FUNCTION- OR ACTIVITY-BASED EVALUATION OF THE ENVIRONMENT
Besides these sequence-based approaches, metagenomic libraries can be screened for various functions (Fig. 12.6). Functional approaches include expression screening with various genetic traps and phage biopanning. Even stable isotope probing (see earlier discussion) could be categorized as a function-based approach if the labeled substrate is a specific metabolite that enriches the culture based on metabolic function. Screening a metagenomic library by sequencing has its limits. The function of many genes from exotic organisms cannot be identified by their sequence. In addition, using known genes to screen for new members of a gene family might miss an entire novel class of genes. For example, if a researcher were trying to find enzymes similar to bacteriorhodopsin, primers similar to known bacteriorhodopsins would be used to screen the library. Some genes would be identified, but others would be missed if their sequences were too divergent. Screening this library for light-driven proton pumping would identify any enzyme that carried out this function, regardless of its sequence.
Expression screening depends on the choice of an expression vector. Proteins are expressed from the metagenomic DNA fragments when they are cloned into a vector with transcriptional and translational start and stop sequences. Then an easy assay for the target function must be devised. For example, the library clones might be plated on a particular toxic pollutant. If any library inserts encoded an enzyme that metabolized the pollutant, that particular library clone would grow. The DNA insert is then isolated and identified by sequencing.
Another functional screen involves fusing the metagenomic DNA in frame with a promoterless gene for green fluorescent protein (GFP). The genes for many enzymes are turned on by their own substrates. Therefore, if this type of gene is cloned in front of promoterless GFP, the GFP gene will be regulated by the same substrate. If the substrate of interest is included in the growth medium for the library, any clone with genes that are activated by the substrate will also produce GFP. These cells will fluoresce green. FACS provides a quick and easy way to isolate the fluorescent clones.
The main barrier to function-based analyses is successful gene expression. Getting a library host such as E. coli to express foreign genes is hit or miss, because some may be toxic to the host, some may require other factors for expression, and others may have very low activity. Another problem is simply volume. The number of potential clones that have any chosen gene of interest is usually low, and excessive numbers of clones must be screened in order to identify just one or two genes. For example, the lipases identified from German soil (see Table 12.1) were only found in 1 of 730,000 different metagenomic clones. In another example, only two novel Na+/H+ antiporters were found after screening 1,480,000 clones. This is why culture enrichment strategies are an important aspect of creating metagenomic libraries (see earlier discussion).

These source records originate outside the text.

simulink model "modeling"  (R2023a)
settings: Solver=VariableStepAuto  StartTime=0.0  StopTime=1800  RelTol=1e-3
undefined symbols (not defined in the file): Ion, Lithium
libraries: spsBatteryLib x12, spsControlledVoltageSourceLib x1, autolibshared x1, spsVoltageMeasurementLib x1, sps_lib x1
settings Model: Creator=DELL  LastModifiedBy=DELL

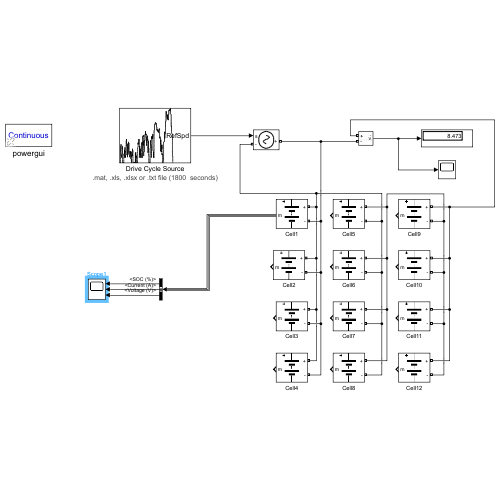
[thumbnail: Simulink's stored preview of the top-level diagram]
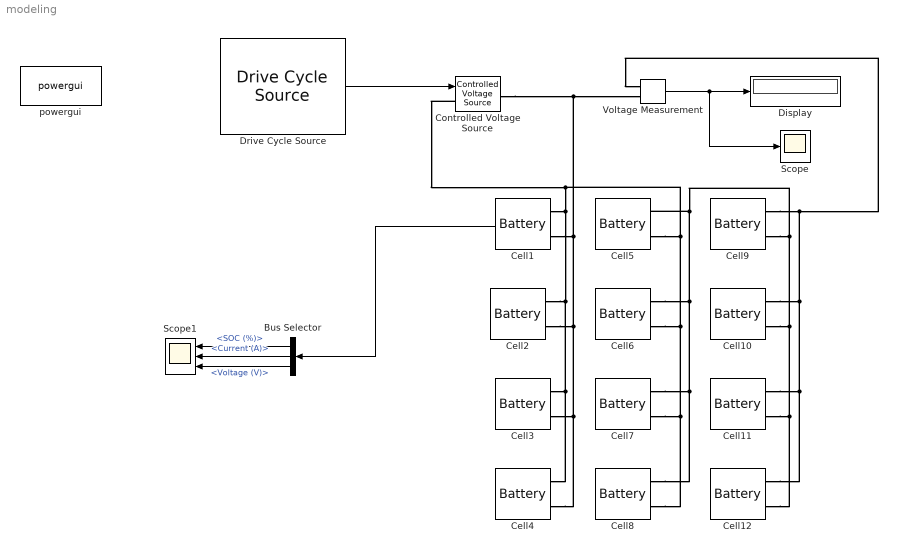
== system modeling ==
  Bus Selector : BusSelector  OutputSignals=SOC (%),Current (A),Voltage (V)
  Cell{1..12} (12 alike) : spsBatteryLib/Battery  BatType=Lithium-Ion  ShowTempParam=off  ThermalPreset=no  ShowAgeParam=off  NomV=3.7  NomQ=3  SOC=100  Batt_Tr=30  PresetModel=off  MaxQ=2.6  MinV=3  FullV=4.2  Dis_rate=0.52  R=0.07  Normal_OP=2.55  expZone="[4      0.4]"  current=[0.52 1.3 2.6]  Units=Ampere-hour  Tci=20  NomT=20  T2=-30  MaxQ2=4.8  FullV2=7.1  Normal_OP2=5.655  expZone2="[6.58           1]"  Rca=0.6  ti=2000  Dp=0  Neq0=0  Tsim=1e6  Ta1=25  Qeol=5.4*0.9  Reol=0.013333*1.2  Char_age=[2.3478, 3]  Dis_age=[2.3478, 10]  N1=1500  N2=10500  N3=1000  N4=1400  Ta2=45  N5=950
  Controlled Voltage Source : spsControlledVoltageSourceLib/Controlled Voltage Source  Initialize=on  Source_Type=DC  Amplitude=0  Phase=0  Frequency=0  Measurements=None
  Display : Display
  Drive Cycle Source : autolibshared/Drive Cycle Source  cycleVar=.mat, .xls, .xlsx or .txt file  fileVar=C:\Users\DELL\Desktop\Summer Project\BMS\battery modeling\WLTC_DC_Datasheet.xlsx  tfinal="1800  seconds"  cycleRepeat=off  outAccPort=off  outGearPort=off  gearList=No gear data  t_wot1=5  xdot_woto=0  xdot_wot1=30  t_wot2=20  xdot_wot2=0  t_wotend=30  srcUnit=m/s  outUnit=m/s  srcAccUnit=m/s/s  outAccUnit=m/s^2  dt=0  aMode=1  faultOption=off  velBnd=2  velBndUnit=mph  inUnit=m/s  timeBnd=1  failOption=off  stopSim=off  maxFaultCnt=10  maxFaultTime=2  maxTotFaultTime=15  traceOption=off  dtTrace=1  traceWindow=10  lastDCname=Custom Data Set  lastOutUnit=mph  lastDT=0  lastTB=1  lastSB=2  forceCalcBound=off
  Scope : Scope
  Scope1 : Scope  NumInputPorts=3
  Voltage Measurement : spsVoltageMeasurementLib/Voltage Measurement  PhasorSimulation=off  OutputType=Complex  PSBequivalent=0
  powergui : sps_lib/powergui  Priority=1  SimulationMode=Continuous  SampleTime=50e-6  frequency=60  Iterations=50  frequencyindice=0  Pbase=100e6  ErrMax=1e-4  UnitsV=kV  UnitsW=MW  buscounter=0  FunctionMessages=off  echomessages=off  EnableUseOfTLC=off  CurrentSourceSwitches=off  DisableSnubberDevices=off  DisableRonSwitches=off  DisableVfSwitches=off  DisplayEquations=off  AutomaticDiscreteSolvers=off  SolverType=Tustin/Backward Euler (TBE)  Interpol=off  ExternalGateDelay=off  methode=off  Ts=100  x0status=blocks  SPID=on  SwTol=0  HookPort=off  NonlinearTolerance=1e-4  nMaxIteration=100  ContinueOnMaxIteration=off  RestoreLinks=warning  ResistiveCurrentMeasurement=off  Frange=[0:2:500]  Ylog=off  Xlog=on  ShowGrid=off  save=off  variable=ZData  structure=0  ZoomFFT=off  StartTime=0.0  cycles=1  DisplayStyle=1  fundamental=60  FreqAxis=off  MaxFrequency=1000  frequencyindicesteady=1  RmsSteady=1  display=off
  wires:
  Drive Cycle Source/1 -> Controlled Voltage Source/1
  Voltage Measurement/1 -> Scope/1, Display/1
  Cell1/1 -> Bus Selector/1
  Bus Selector/1 -> Scope1/1  "<SOC (%)>"
  Bus Selector/2 -> Scope1/2  "<Current (A)>"
  Bus Selector/3 -> Scope1/3  "<Voltage (V)>"
  connections:
  Cell1/LConn1 -- Cell5/LConn2 -- Cell6/LConn2 -- Cell8/LConn2 -- Cell7/LConn2 -- Controlled Voltage Source/LConn1 -- Cell4/LConn1 -- Cell3/LConn1 -- Cell2/LConn1
  Cell6/LConn1 -- Cell8/LConn1 -- Cell7/LConn1 -- Cell12/LConn2 -- Cell11/LConn2 -- Cell10/LConn2 -- Cell9/LConn2 -- Cell5/LConn1
  Cell4/LConn2 -- Cell3/LConn2 -- Cell2/LConn2 -- Controlled Voltage Source/RConn1 -- Voltage Measurement/LConn2 -- Cell1/LConn2
  Cell9/LConn1 -- Cell12/LConn1 -- Cell11/LConn1 -- Cell10/LConn1 -- Voltage Measurement/LConn1
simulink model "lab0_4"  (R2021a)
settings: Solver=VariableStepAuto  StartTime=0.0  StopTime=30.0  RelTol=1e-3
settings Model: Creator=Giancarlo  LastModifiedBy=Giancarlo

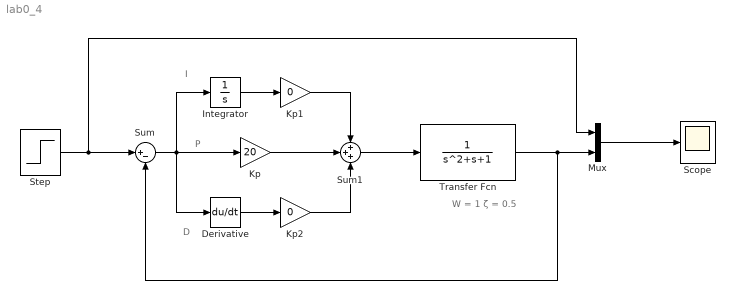
== system lab0_4 ==
  note: D
  note: P
  note: I
  note: W = 1
      | ζ = 0.5
  Derivative : Derivative
  Integrator : Integrator
  Kp : Gain  Gain=20
  Kp1 : Gain  Gain=0
  Kp2 : Gain  Gain=0
  Mux : Mux  Inputs=2
  Scope : Scope
  Step : Step  SampleTime=0
  Sum : Sum  Inputs=|+-
  Sum1 : Sum  Inputs=+++
  Transfer Fcn : TransferFcn  Denominator=[1 1 1]
  wires:
  Step/1 -> Mux/1, Sum/1
  Transfer Fcn/1 -> Sum/2, Mux/2
  Mux/1 -> Scope/1
  Sum/1 -> Derivative/1, Integrator/1, Kp/1
  Integrator/1 -> Kp1/1
  Sum1/1 -> Transfer Fcn/1
  Kp1/1 -> Sum1/1
  Kp/1 -> Sum1/2
  Kp2/1 -> Sum1/3
  Derivative/1 -> Kp2/1

Metagenomic phage biopanning uses basically the same method as phage display. Cloned DNA inserts are expressed as fusion proteins with a phage coat protein and displayed on the phage surface. Because the displayed proteins carry only segments of foreign protein, the problems associated with heterologous expression are lessened. The cloned DNA is from any organisms found within the environmental sample. Thus the expressed protein segments could be any part of an enzyme, a membrane protein, etc.; therefore, the success with a phage display library relies on the screening method. For example, phage biopanning can identify binding partners for a particular pollutant, metabolite, or even another protein. If the target molecule is immobilized on a bead, then any phage carrying a protein segment that binds the target will stick to the bead. The phage can then be isolated, and the DNA insert sequenced to identify the sequence responsible.